His story ‘‘Dead Boy Found’’ (2003) was the basis for first novel One for Sorrow (2007), winner of the Crawford Award for best first fantasy. The book was adapted as film Jamie Marks Is Dead in 2014. Second book The Love We Share Without Knowing (2008), a mosaic novel inspired by his experiences in Japan, was a Nebula Award finalist, and on the Tiptree honor list. His first YA novel, Wonders of the Invisible World, is forthcoming this fall.
Barzak lives in Youngstown OH with his partner Tony Romandetti.
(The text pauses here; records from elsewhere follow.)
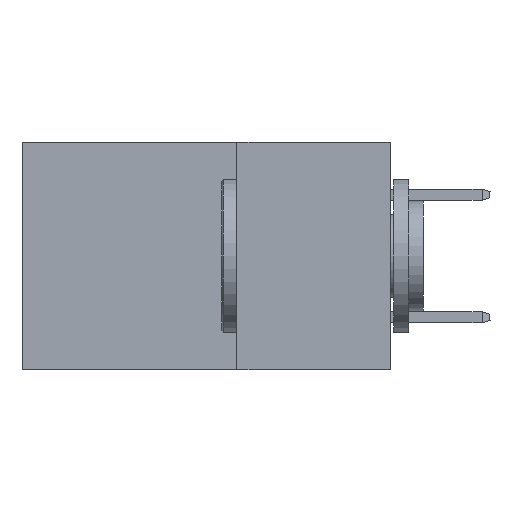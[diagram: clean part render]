
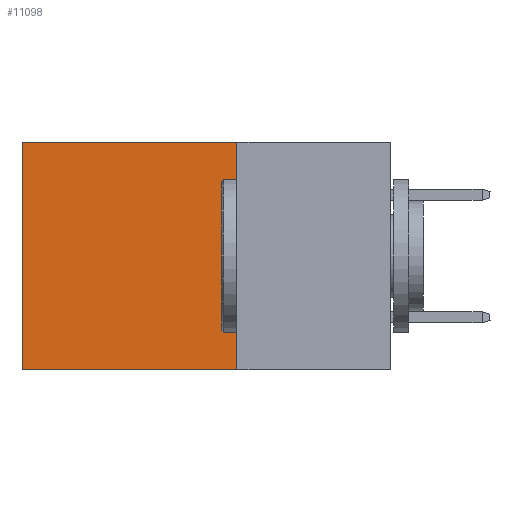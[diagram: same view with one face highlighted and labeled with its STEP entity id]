
A CAD part, left-side view. The second image highlights one B-rep face of the part: STEP entity #11098.
In plain terms, the highlighted planar face has unit normal (-1, 0, 0).
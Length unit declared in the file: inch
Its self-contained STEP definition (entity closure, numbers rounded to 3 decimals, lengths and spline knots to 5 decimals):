
#373 = CARTESIAN_POINT ( 'NONE',  ( 0.2875, 0.25, -0.37 ) ) ;
#581 = LINE ( 'NONE', #373, #16966 ) ;
#643 = PLANE ( 'NONE',  #1915 ) ;
#1349 = CARTESIAN_POINT ( 'NONE',  ( 0.2875, 0.6, 0. ) ) ;
#1685 = LINE ( 'NONE', #18830, #17108 ) ;
#1915 = AXIS2_PLACEMENT_3D ( 'NONE', #3631, #6632, #9721 ) ;
#2610 = EDGE_CURVE ( 'NONE', #19281, #2858, #16515, .T. ) ;
#2858 = VERTEX_POINT ( 'NONE', #5546 ) ;
#3003 = CARTESIAN_POINT ( 'NONE',  ( 0.2875, 0.6, 0. ) ) ;
#3631 = CARTESIAN_POINT ( 'NONE',  ( 0.2875, 0.25, 0. ) ) ;
#4951 = EDGE_CURVE ( 'NONE', #5320, #5211, #10334, .T. ) ;
#5211 = VERTEX_POINT ( 'NONE', #17622 ) ;
#5320 = VERTEX_POINT ( 'NONE', #1349 ) ;
#5546 = CARTESIAN_POINT ( 'NONE',  ( 0.2875, 0.25, -0.37 ) ) ;
#5743 = ORIENTED_EDGE ( 'NONE', *, *, #4951, .T. ) ;
#6148 = DIRECTION ( 'NONE',  ( 0., 0., -1. ) ) ;
#6311 = VECTOR ( 'NONE', #16470, 39.37008 ) ;
#6632 = DIRECTION ( 'NONE',  ( 1., 0., 0. ) ) ;
#7784 = EDGE_LOOP ( 'NONE', ( #5743, #17561, #8654, #10459 ) ) ;
#8095 = EDGE_CURVE ( 'NONE', #19281, #5320, #1685, .T. ) ;
#8335 = VECTOR ( 'NONE', #6148, 39.37008 ) ;
#8654 = ORIENTED_EDGE ( 'NONE', *, *, #2610, .F. ) ;
#9721 = DIRECTION ( 'NONE',  ( 0., 0., -1. ) ) ;
#10334 = LINE ( 'NONE', #3003, #6311 ) ;
#10459 = ORIENTED_EDGE ( 'NONE', *, *, #8095, .T. ) ;
#10917 = FACE_OUTER_BOUND ( 'NONE', #7784, .T. ) ;
#11098 = ADVANCED_FACE ( 'NONE', ( #10917 ), #643, .F. ) ;
#11446 = EDGE_CURVE ( 'NONE', #2858, #5211, #581, .T. ) ;
#13625 = CARTESIAN_POINT ( 'NONE',  ( 0.2875, 0.25, 0. ) ) ;
#13736 = DIRECTION ( 'NONE',  ( 0., 1., 0. ) ) ;
#16470 = DIRECTION ( 'NONE',  ( 0., 0., -1. ) ) ;
#16515 = LINE ( 'NONE', #13625, #8335 ) ;
#16966 = VECTOR ( 'NONE', #13736, 39.37008 ) ;
#17108 = VECTOR ( 'NONE', #17382, 39.37008 ) ;
#17382 = DIRECTION ( 'NONE',  ( 0., 1., 0. ) ) ;
#17561 = ORIENTED_EDGE ( 'NONE', *, *, #11446, .F. ) ;
#17622 = CARTESIAN_POINT ( 'NONE',  ( 0.2875, 0.6, -0.37 ) ) ;
#18059 = CARTESIAN_POINT ( 'NONE',  ( 0.2875, 0.25, 0. ) ) ;
#18830 = CARTESIAN_POINT ( 'NONE',  ( 0.2875, 0.25, 0. ) ) ;
#19281 = VERTEX_POINT ( 'NONE', #18059 ) ;

Excerpts from the interview:
‘‘The new book is called Wonders of the Invisible World. It’s about a 17-year-old in rural Ohio. He discovers that there’s a whole lot about himself and his family’s history that he didn’t know, and that his history and parts of his memories have been obscured by magical means. He discovers this when a new student approaches him in a hallway at school his senior year and remembers him from their childhood, and says they were best friends. This person seems to know things about him that he doesn’t recall. Very quickly after that, the spell that he’s been under starts to unravel. He begins putting together pieces of his life that come to him in visions, and discovers there’s an entire invisible world he belongs to. It’s a metaphor, in some ways, for the experience that young people go through, where you kind of awaken and realize there’s a much bigger world that you’re a part of, larger than the small world you’ve been operating in. It happens as you reach the end of adolescence and your time in the high school prison system. You face the question, ‘Who am I after this?’ I wanted to rephrase that question, which is often asked in young-adult fiction, and instead ask, ‘Who am I, in the context of the past I might not know about?’ Both in terms of personal, family history, and the cultural, national past. You are already part of something you don’t understand and never knew existed.”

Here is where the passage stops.